Did you quarantine the frog from the pet store before introducing it to the established frog? 
Have you had any fecal checks done on the frog(s)? 

Ed


----------



## mrzoggs

the temp isnt always at 82. just what it was the moment i checked. im using a pet store bought thermometer. the small circle ones that come with the hydrometer. the one died in a 10 gallon tank. the one that lived stayed in the 10 gallon tank for about 5 months maybe more. im not sure of exact dates. he did fine in there. then i bought the big tank. the same day i bought the big tank i set it up and moved him into it and also put the new store bought one in. i did not quarentine. a mistake on my behalf that probably will cause me a lot of money and time trying to correct. she was in there a few weeks and did ok for the first 2. thats when i started to notice the problem. but then she seemed ok for a couple days and i figured it was just me. thats when i decided to do the false bottom and moved them to the 30g containor. the first day they seemed happier in there then they were in the 30gallon tank. im trying to answer the questions i see. let me know if i miss any


----------



## mrzoggs

temperature has always been measured on the right side of my tank. almost all the way at the top. so that might be an issue on the actual temperature in the tank. where do you suggest i place it?


Edit: and i also deleted the name of the website and the thread from the other website. i apologize for any inconvenience. was not trying to bash the website. just strictly giving as much information as i can.

Edit again: no fecal checks have been done. the closest thing theyve had to a fecal check is me seeing their big poop on the wall or in their water and cleaning it.


----------



## Ed

First off, I'm going to suggest a better thermometer. Many of the one's the pet stores sell are inaccurate and do not survive the humid conditions in the frog's enclosure more than a few days. A indoor-outdoor digital thermometer with a remote probe can be purchased from many of the big box stores like Home Depot, Walmart, Kmart or on line. The thermometer itself stays outside of the tank and the probe is placed where you want to measure the temperature. It gives quick and much more accurate readings (often for less money) and can be disinfected between enclosures. 

You are going to want to measure the temperature in the enclosure at the top, the middle and the bottom of the enclosure. 

Another reason the frog's could be down on the substrate is too little humidity particularly if the tank was fairly dry and the substrate was moist (although with red eye treefrogs this is uncommon since they can retain water pretty well due to behaviors). 

Ed


----------



## mrzoggs

Ed said:


> First off, I'm going to suggest a better thermometer. Many of the one's the pet stores sell are inaccurate and do not survive the humid conditions in the frog's enclosure more than a few days. A indoor-outdoor digital thermometer with a remote probe can be purchased from many of the big box stores like Home Depot, Walmart, Kmart or on line. The thermometer itself stays outside of the tank and the probe is placed where you want to measure the temperature.

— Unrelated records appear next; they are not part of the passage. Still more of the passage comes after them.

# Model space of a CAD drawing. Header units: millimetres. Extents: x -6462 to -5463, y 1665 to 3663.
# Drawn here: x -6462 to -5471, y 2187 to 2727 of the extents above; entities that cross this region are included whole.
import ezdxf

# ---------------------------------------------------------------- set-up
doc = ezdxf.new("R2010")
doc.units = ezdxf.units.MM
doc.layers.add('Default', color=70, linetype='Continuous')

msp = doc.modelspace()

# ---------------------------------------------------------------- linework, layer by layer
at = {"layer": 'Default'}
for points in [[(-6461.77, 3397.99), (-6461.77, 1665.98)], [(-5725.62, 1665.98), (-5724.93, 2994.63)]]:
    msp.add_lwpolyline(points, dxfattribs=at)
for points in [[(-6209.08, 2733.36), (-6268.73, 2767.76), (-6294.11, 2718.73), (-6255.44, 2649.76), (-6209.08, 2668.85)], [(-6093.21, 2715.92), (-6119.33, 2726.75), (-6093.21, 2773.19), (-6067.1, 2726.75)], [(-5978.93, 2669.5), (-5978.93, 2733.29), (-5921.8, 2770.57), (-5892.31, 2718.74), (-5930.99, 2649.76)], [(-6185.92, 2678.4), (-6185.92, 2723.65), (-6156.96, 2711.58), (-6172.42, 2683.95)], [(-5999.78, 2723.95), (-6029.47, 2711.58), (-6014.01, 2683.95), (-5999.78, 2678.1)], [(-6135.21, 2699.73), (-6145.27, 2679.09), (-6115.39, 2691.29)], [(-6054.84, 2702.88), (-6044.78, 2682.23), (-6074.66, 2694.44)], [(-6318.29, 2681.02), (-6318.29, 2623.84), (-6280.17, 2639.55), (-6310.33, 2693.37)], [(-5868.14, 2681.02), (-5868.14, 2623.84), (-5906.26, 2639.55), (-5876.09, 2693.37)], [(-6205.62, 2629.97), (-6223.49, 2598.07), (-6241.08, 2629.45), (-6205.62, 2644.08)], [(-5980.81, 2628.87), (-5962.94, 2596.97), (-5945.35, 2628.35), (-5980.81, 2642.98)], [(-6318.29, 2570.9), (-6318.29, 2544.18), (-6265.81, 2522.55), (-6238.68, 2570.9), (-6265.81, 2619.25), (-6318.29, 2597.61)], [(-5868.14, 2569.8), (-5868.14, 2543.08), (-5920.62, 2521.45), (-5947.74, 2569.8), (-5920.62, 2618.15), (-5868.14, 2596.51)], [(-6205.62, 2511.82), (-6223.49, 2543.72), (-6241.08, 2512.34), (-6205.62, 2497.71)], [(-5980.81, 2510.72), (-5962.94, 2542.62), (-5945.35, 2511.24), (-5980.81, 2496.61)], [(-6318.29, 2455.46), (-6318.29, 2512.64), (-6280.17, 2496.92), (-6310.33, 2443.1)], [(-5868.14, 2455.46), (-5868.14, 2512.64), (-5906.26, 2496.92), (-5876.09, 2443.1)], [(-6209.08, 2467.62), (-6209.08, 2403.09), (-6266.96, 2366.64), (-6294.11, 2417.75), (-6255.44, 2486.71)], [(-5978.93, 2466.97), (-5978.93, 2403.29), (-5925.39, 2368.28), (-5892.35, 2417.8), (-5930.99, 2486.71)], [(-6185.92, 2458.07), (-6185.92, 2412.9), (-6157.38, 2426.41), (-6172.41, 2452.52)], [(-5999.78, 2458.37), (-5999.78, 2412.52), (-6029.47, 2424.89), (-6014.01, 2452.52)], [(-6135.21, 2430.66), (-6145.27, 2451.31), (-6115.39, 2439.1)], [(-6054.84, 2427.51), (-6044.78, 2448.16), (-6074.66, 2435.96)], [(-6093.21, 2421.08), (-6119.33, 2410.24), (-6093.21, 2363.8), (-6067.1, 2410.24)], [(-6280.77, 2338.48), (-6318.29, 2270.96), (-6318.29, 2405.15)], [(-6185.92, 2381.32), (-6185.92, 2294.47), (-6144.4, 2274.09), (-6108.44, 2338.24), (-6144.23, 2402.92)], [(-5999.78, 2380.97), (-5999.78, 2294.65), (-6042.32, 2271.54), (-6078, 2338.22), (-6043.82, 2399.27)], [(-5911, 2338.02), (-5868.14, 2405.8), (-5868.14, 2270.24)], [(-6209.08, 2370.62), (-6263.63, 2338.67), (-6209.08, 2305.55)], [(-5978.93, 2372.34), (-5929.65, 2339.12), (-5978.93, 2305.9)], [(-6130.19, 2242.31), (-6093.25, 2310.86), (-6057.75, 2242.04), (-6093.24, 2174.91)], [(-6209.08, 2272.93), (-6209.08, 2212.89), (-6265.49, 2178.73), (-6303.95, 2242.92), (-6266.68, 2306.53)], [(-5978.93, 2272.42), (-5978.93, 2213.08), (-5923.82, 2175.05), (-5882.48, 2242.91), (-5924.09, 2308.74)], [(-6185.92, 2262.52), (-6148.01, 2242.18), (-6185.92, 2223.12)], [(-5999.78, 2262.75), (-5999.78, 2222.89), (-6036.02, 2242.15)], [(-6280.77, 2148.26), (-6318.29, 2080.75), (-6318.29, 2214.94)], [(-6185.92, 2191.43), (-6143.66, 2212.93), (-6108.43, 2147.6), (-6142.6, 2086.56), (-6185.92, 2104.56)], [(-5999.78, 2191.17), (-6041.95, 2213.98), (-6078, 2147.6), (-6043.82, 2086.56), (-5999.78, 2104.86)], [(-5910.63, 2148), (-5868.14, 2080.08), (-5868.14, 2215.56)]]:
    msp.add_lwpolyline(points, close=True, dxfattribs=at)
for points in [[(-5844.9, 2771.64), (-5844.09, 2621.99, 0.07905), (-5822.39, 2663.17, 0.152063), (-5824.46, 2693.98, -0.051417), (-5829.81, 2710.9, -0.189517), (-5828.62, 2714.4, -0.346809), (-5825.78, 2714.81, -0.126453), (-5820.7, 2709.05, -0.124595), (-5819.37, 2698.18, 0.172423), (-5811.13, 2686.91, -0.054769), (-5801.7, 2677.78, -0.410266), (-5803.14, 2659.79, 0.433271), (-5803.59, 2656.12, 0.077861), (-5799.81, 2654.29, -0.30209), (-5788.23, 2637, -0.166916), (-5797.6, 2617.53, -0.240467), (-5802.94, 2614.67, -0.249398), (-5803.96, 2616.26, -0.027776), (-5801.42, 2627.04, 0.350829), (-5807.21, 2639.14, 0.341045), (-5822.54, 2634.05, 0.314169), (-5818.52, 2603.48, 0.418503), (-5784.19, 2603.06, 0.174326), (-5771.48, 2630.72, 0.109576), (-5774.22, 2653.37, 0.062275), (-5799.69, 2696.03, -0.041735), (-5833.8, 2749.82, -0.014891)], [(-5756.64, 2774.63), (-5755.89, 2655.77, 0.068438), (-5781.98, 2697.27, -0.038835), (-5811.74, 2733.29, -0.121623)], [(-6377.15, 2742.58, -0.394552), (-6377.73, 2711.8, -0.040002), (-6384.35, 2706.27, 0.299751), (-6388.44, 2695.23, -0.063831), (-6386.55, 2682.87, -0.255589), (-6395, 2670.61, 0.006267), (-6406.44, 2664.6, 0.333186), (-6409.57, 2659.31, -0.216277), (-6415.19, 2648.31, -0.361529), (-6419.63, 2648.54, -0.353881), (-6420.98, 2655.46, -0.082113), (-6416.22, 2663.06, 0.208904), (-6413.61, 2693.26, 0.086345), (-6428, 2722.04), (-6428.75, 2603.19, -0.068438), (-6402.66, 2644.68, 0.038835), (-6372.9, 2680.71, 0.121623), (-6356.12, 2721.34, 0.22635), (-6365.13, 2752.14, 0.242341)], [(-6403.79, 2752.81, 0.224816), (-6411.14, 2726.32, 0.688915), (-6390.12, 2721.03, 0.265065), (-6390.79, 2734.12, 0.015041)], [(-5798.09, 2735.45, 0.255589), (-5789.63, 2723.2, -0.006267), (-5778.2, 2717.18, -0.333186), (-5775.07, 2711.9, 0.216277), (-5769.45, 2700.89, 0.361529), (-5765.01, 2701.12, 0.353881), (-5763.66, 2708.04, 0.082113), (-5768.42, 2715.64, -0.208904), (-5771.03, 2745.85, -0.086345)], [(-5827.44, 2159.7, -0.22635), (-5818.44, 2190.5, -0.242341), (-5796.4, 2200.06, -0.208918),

It gives quick and much more accurate readings (often for less money) and can be disinfected between enclosures.
> 
> You are going to want to measure the temperature in the enclosure at the top, the middle and the bottom of the enclosure.
> 
> Another reason the frog's could be down on the substrate is too little humidity particularly if the tank was fairly dry and the substrate was moist (although with red eye treefrogs this is uncommon since they can retain water pretty well due to behaviors).
> 
> Ed


ok i will see how much i can get one for and see what i can do. hopefully i have the money because i have no idea how expensive they are. since i need to measure the top middle and bottom does that mean i have to get more than 1 thermometer??? im sure i cant afford 3 right now. or are there ones with more than 1 probe? should i keep the one i have in the tank and maybe put that in the middle or do you think it is innacurate? 

should i still try to force feed them tonight since i havent seen poop in 4 days? i feel like they may have eaten but im not sure at all. i tried dish feeding for the first couple days and the crickets just hopped out so i stopped doing that. but when it was in there i did she "her" perched on the side facing the other direction.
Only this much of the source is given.